• _AIM OF THE TASK_: Please report every line in the entries that contains the string "Solver".

Source data
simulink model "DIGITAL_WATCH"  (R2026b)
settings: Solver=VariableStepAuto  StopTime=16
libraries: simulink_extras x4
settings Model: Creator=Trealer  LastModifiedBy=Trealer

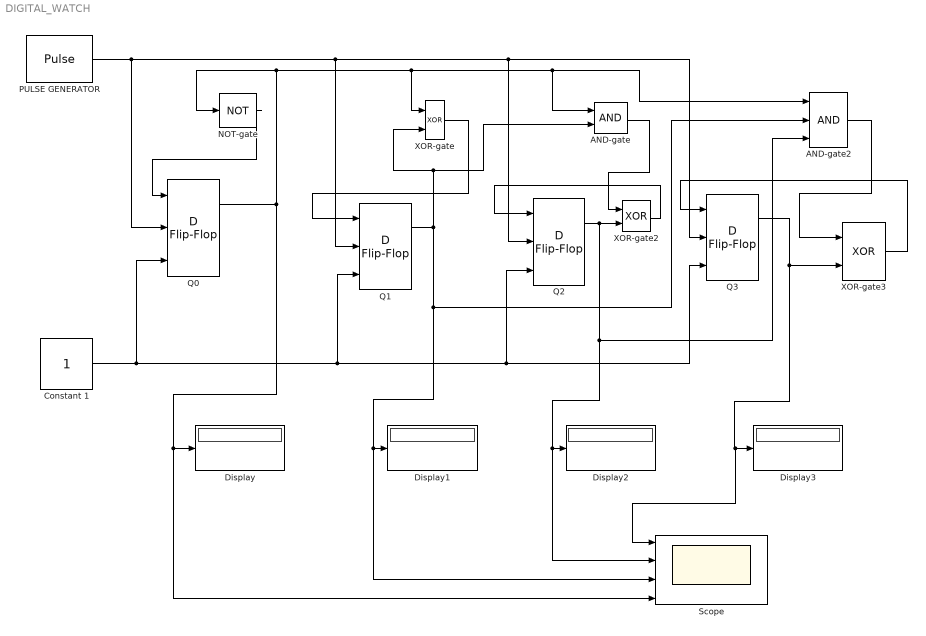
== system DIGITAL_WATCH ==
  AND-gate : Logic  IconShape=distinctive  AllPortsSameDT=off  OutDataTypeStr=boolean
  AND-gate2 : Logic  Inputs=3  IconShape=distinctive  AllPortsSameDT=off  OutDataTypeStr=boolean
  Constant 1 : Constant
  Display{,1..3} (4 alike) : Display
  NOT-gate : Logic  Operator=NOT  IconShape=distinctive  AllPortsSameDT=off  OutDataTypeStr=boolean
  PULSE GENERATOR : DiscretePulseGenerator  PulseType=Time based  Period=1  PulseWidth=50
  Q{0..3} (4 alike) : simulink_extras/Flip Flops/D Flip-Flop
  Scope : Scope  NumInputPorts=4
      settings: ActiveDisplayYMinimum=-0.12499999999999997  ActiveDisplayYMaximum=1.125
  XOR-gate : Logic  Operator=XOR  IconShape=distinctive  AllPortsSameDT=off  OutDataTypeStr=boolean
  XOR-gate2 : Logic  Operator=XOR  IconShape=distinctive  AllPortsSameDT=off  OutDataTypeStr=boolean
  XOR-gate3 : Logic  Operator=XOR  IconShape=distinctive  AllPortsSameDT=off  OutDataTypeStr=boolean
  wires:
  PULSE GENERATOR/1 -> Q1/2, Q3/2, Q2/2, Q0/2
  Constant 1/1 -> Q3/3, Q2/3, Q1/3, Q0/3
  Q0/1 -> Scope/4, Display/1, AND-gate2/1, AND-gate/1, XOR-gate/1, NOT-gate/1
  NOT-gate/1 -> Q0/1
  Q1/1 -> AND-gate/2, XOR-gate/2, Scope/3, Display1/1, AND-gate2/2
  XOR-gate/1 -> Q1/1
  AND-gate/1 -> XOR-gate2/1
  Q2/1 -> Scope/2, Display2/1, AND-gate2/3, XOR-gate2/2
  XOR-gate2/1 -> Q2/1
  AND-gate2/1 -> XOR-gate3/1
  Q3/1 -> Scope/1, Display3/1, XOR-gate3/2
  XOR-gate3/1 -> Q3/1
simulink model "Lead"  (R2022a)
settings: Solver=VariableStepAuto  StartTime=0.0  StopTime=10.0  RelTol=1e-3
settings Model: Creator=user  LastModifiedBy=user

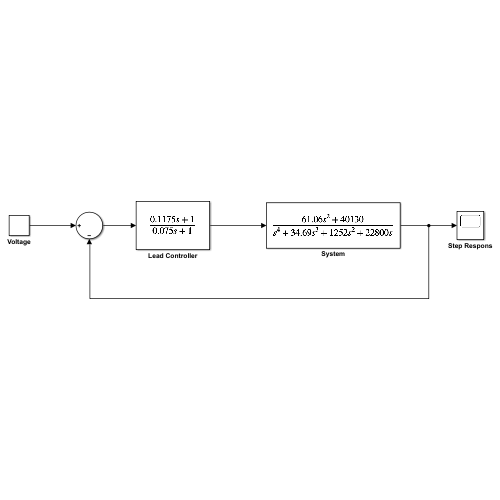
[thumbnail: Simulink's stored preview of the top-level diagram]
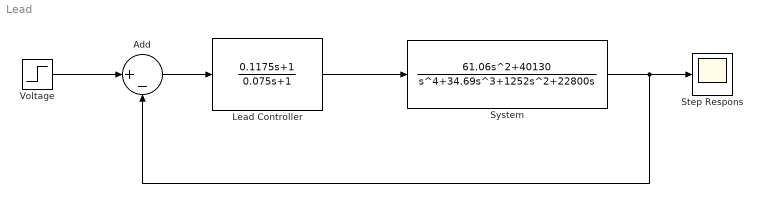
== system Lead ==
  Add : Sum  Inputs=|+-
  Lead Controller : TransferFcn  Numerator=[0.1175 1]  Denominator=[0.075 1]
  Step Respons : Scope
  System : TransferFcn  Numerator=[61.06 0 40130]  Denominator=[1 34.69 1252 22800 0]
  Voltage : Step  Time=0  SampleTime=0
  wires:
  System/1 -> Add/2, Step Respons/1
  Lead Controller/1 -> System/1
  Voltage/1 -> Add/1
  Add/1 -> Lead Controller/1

• _ANSWER TO THE EXERCISE_:
settings: Solver=VariableStepAuto  StopTime=16
settings: Solver=VariableStepAuto  StartTime=0.0  StopTime=10.0  RelTol=1e-3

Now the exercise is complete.